What this task involves ▸ Using the listing below, show all lines that hold the word "import".

The input ▸

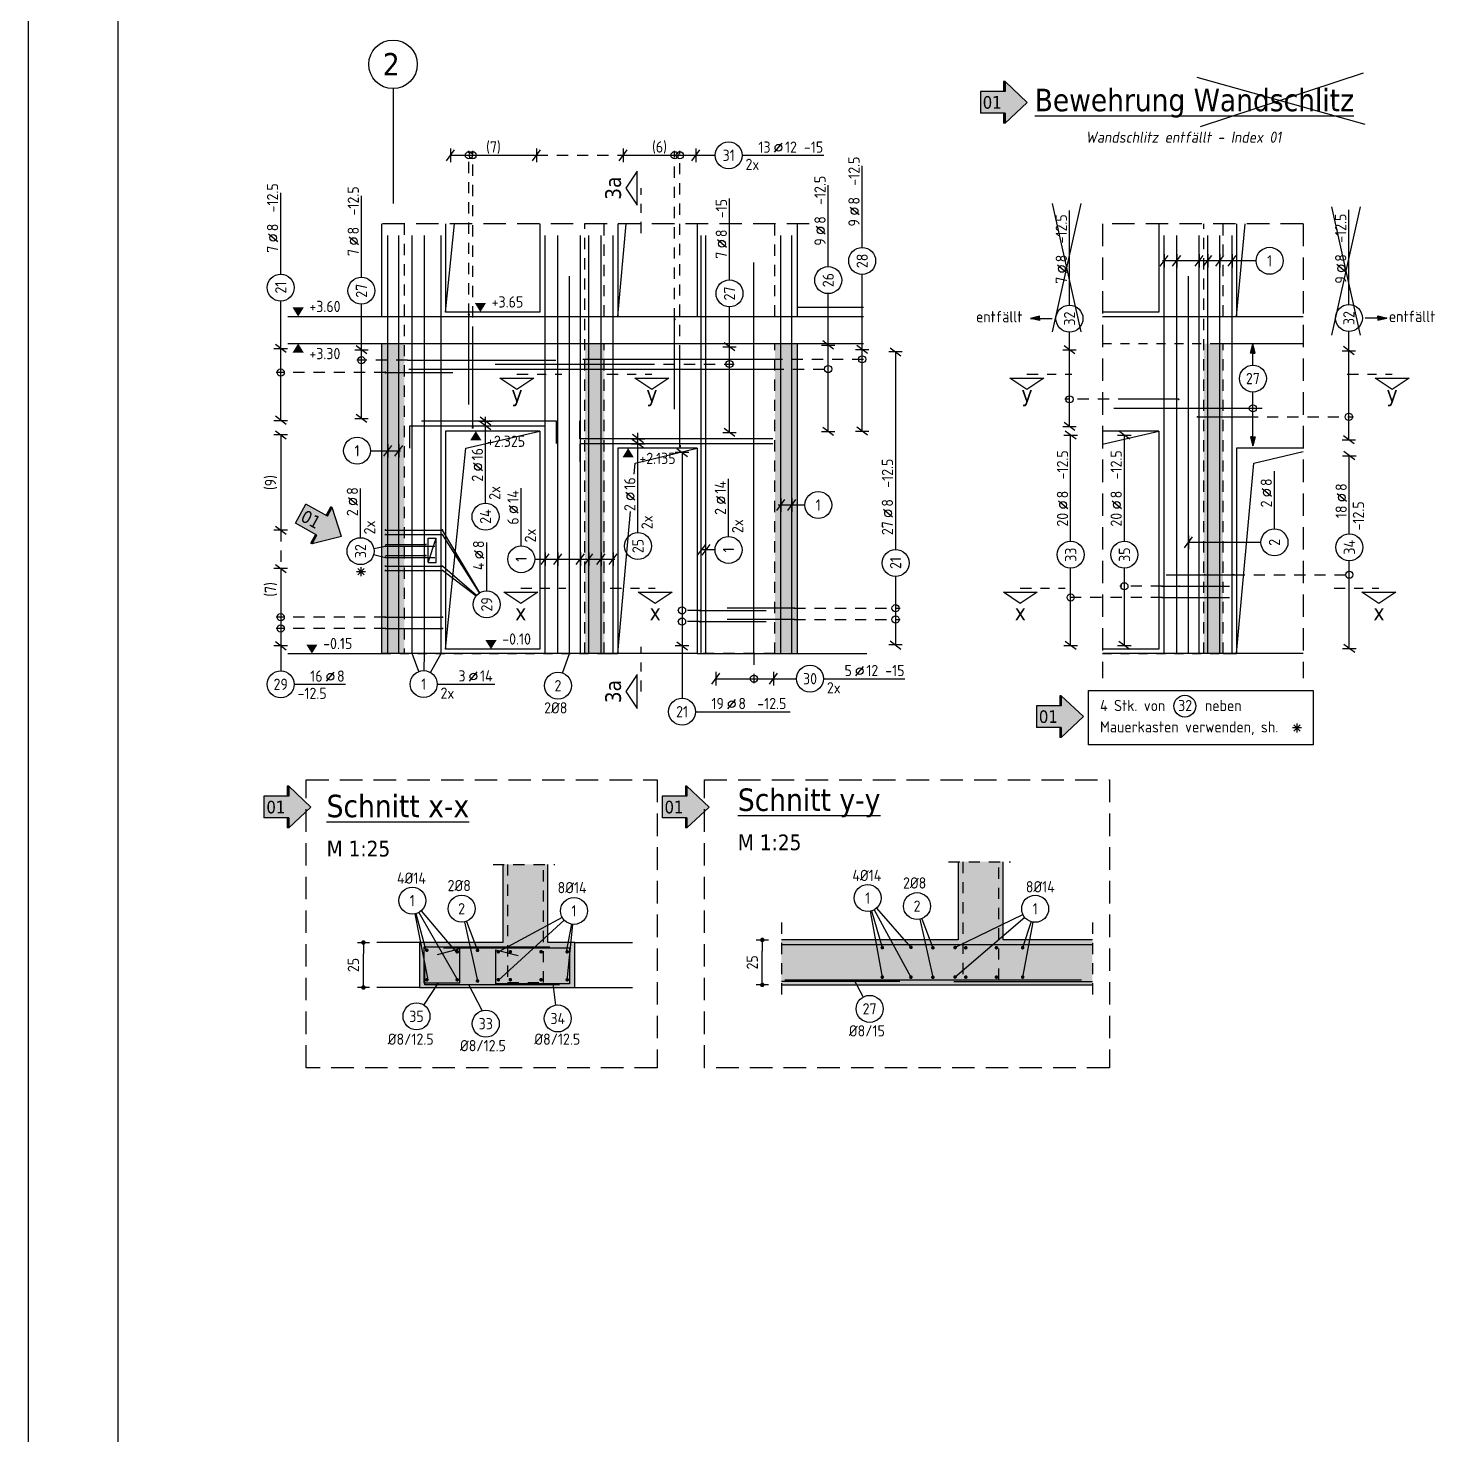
# Model space of a CAD drawing. Extents: x -7.1 to 83.9, y -5.7 to 50.5.
# Drawn here: x 6 to 21.65, y 24.33 to 39.98 of the extents above; entities that cross this region are included whole.
import ezdxf
from ezdxf.enums import TextEntityAlignment as Align

# ---------------------------------------------------------------- set-up
doc = ezdxf.new("R2010")
doc.units = 0
doc.header["$LTSCALE"] = 0.5
for name, pattern in [('AUSGEZOGEN', [1000.01, 1000, 0.01]), ('DASHDOTSMALL', [1.05, 0.5, -0.25, 0.05, -0.25]), ('DASHED', [0.75, 0.5, -0.25]), ('DOT', [0.175, 0.05, -0.125]), ('HIDDEN', [0.375, 0.25, -0.125]), ('STRICHLINIE', [0.75, 0.5, -0.25]), ('STRICHPUNKT2', [0.55, 0.25, -0.125, 0.05, -0.125]), ('VERDECKT', [0.375, 0.25, -0.125])]:
    doc.linetypes.add(name, pattern=pattern)
for name, color, linetype in [('ACHSEN', 7, 'Continuous'), ('AFU', 7, 'Continuous'), ('BETON', 7, 'Continuous'), ('DETAIL', 7, 'Continuous'), ('DRUEBER', 7, 'Continuous'), ('grau_hell', 7, 'Continuous'), ('grau_mittel', 7, 'Continuous'), ('HILFE', 7, 'Continuous'), ('index', 7, 'Continuous'), ('koten', 7, 'Continuous'), ('MASSE', 7, 'Continuous'), ('OBJEKT', 7, 'Continuous'), ('RAHMEN', 7, 'Continuous'), ('RND', 7, 'Continuous'), ('SCHNITTE', 7, 'Continuous'), ('SFP_Achsen', 7, 'Continuous'), ('TEXT', 7, 'Continuous'), ('VERDECKT', 7, 'Continuous')]:
    doc.layers.add(name, color=color, linetype=linetype)
doc.styles.add('helv', font='tahoma.ttf')
doc.styles.add('txt', font='isocp.shx')
doc.linetypes.add('AFU_50L', pattern='A,0.75,["/",Standard,S=0.2,R=0,X=-0.01,Y=-0.1],0.07,["/",Standard,S=0.2,R=0,X=-0.01,Y=-0.1],0.75', length=1.57)
doc.dimstyles.new('DOT_I', dxfattribs={"dimscale": 0.5, "dimtxt": 0.25, "dimasz": 0.25, "dimexe": 0.1, "dimexo": 0.3, "dimgap": 0.1, "dimtad": 1, "dimdec": 3, "dimzin": 3, "dimtxsty": 'txt', "dimblk": 'DOT', "dimblk1": 'DOT', "dimblk2": 'DOT', "dimsah": 1, "dimcen": 0.1, "dimse1": 1, "dimse2": 1, "dimazin": 0, "dimtfac": 1, "dimtdec": 4, "dimtix": 1, "dimtmove": 2, "dimatfit": 3, "dimfxl": 0, "dimtvp": 1, "dimtolj": 1, "dimtzin": 0, "dimarcsym": 0})

# ---------------------------------------------------------------- blocks, each defined once
blk = doc.blocks.new('okrd_o')
at = {"layer": 'koten', "color": 7, "linetype": 'Continuous'}
blk.add_solid([(-0.125, 0.202), (0.125, 0.202), (0, 0)], dxfattribs=at)
at = {"layer": 'koten', "style": 'txt'}
blk.add_attdef('OKRD', (0.25, 0.1), '', height=0.25, dxfattribs=at)
blk = doc.blocks.new('okrd_u')
at = {"layer": 'koten', "color": 7, "linetype": 'Continuous'}
blk.add_solid([(-0.125, -0.202), (0.125, -0.202), (0, 0)], dxfattribs=at)
at = {"layer": 'koten', "style": 'txt'}
blk.add_attdef('OKRD', (0.25, -0.35), '', height=0.25, dxfattribs=at)
blk = doc.blocks.new('DINA0')
at = {"layer": 'RAHMEN'}
blk.add_line((0, 84.1), (0, 0), dxfattribs=at)
at = {"layer": 'RAHMEN', "color": 5}
blk.add_line((2, 83.6), (2, 0.5), dxfattribs=at)
blk = doc.blocks.new('SCHN-2')
at = {"layer": 'SCHNITTE', "color": 6, "linetype": 'Continuous'}
blk.add_lwpolyline([(0.378, 0.088), (0, 0.34), (-0.378, 0.088)], close=True, dxfattribs=at)
at = {"layer": 'SCHNITTE', "color": 1, "linetype": 'DASHDOTSMALL', "style": 'helv'}
blk.add_attdef('SCHN-2', text='', height=0.35, dxfattribs=at).set_placement((0, 0.45), align=Align.CENTER)
blk = doc.blocks.new('RND_HIN')
at = {"layer": 'RND', "color": 7, "linetype": 'Continuous'}
blk.add_circle((0, 0), 0.3, dxfattribs=at)
at = {"layer": 'RND', "color": 7, "linetype": 'Continuous', "style": 'txt'}
blk.add_attdef('POSI', text='', height=0.25, dxfattribs=at).set_placement((0, 0), align=Align.MIDDLE)
blk = doc.blocks.new('DOT')
at = {"layer": 'MASSE', "color": 7, "linetype": 'Continuous'}
for p, q in [((0, 0), (-1, 0)), ((0, 0.54), (0, -0.54))]:
    blk.add_line(p, q, dxfattribs=at)
at = {"layer": 'MASSE', "color": 7, "linetype": 'Continuous', "const_width": 0.2}
blk.add_lwpolyline([(-0.1, 0, 1), (0.1, 0, 1)], format="xyb", close=True, dxfattribs=at)
blk = doc.blocks.new('*D31')
at = {"layer": 'Defpoints', "color": 0, "linetype": 'AUSGEZOGEN', "transparency": 16777216}
for p in [(9.732, 29.806), (9.732, 29.806), (9.732, 29.306)]:
    blk.add_point(p, dxfattribs=at)
at = {"layer": 'MASSE', "color": 0, "linetype": 'AUSGEZOGEN', "lineweight": -2, "transparency": 16777216}
blk.add_line((9.732, 29.431), (9.732, 29.681), dxfattribs=at)
at = {"layer": 'MASSE', "color": 0, "linetype": 'AUSGEZOGEN', "lineweight": -2, "transparency": 16777216, "xscale": 0.125, "yscale": 0.125, "zscale": 0.125}
for p, rotation in [((9.732, 29.806), 90), ((9.732, 29.306), 270)]:
    blk.add_blockref('DOT', p, dxfattribs=dict(at, rotation=rotation))
at = {"layer": 'MASSE', "color": 0, "linetype": 'AUSGEZOGEN', "transparency": 16777216, "insert": (9.62, 29.556), "char_height": 0.125, "attachment_point": 5, "rotation": 90, "style": 'txt'}
blk.add_mtext('\\A1;25', dxfattribs=at)
blk = doc.blocks.new('*D34')
at = {"layer": 'Defpoints', "color": 0, "linetype": 'AUSGEZOGEN', "transparency": 16777216}
for p in [(14.171, 29.835), (14.171, 29.835), (14.171, 29.335)]:
    blk.add_point(p, dxfattribs=at)
at = {"layer": 'MASSE', "color": 0, "linetype": 'AUSGEZOGEN', "lineweight": -2, "transparency": 16777216}
blk.add_line((14.171, 29.46), (14.171, 29.71), dxfattribs=at)
at = {"layer": 'MASSE', "color": 0, "linetype": 'AUSGEZOGEN', "lineweight": -2, "transparency": 16777216, "xscale": 0.125, "yscale": 0.125, "zscale": 0.125}
for p, rotation in [((14.171, 29.835), 90), ((14.171, 29.335), 270)]:
    blk.add_blockref('DOT', p, dxfattribs=dict(at, rotation=rotation))
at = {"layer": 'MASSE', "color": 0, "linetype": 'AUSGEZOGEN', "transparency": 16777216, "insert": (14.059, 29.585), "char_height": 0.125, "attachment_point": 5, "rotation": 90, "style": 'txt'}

Solution below ▸
import ezdxf
from ezdxf.enums import TextEntityAlignment as Align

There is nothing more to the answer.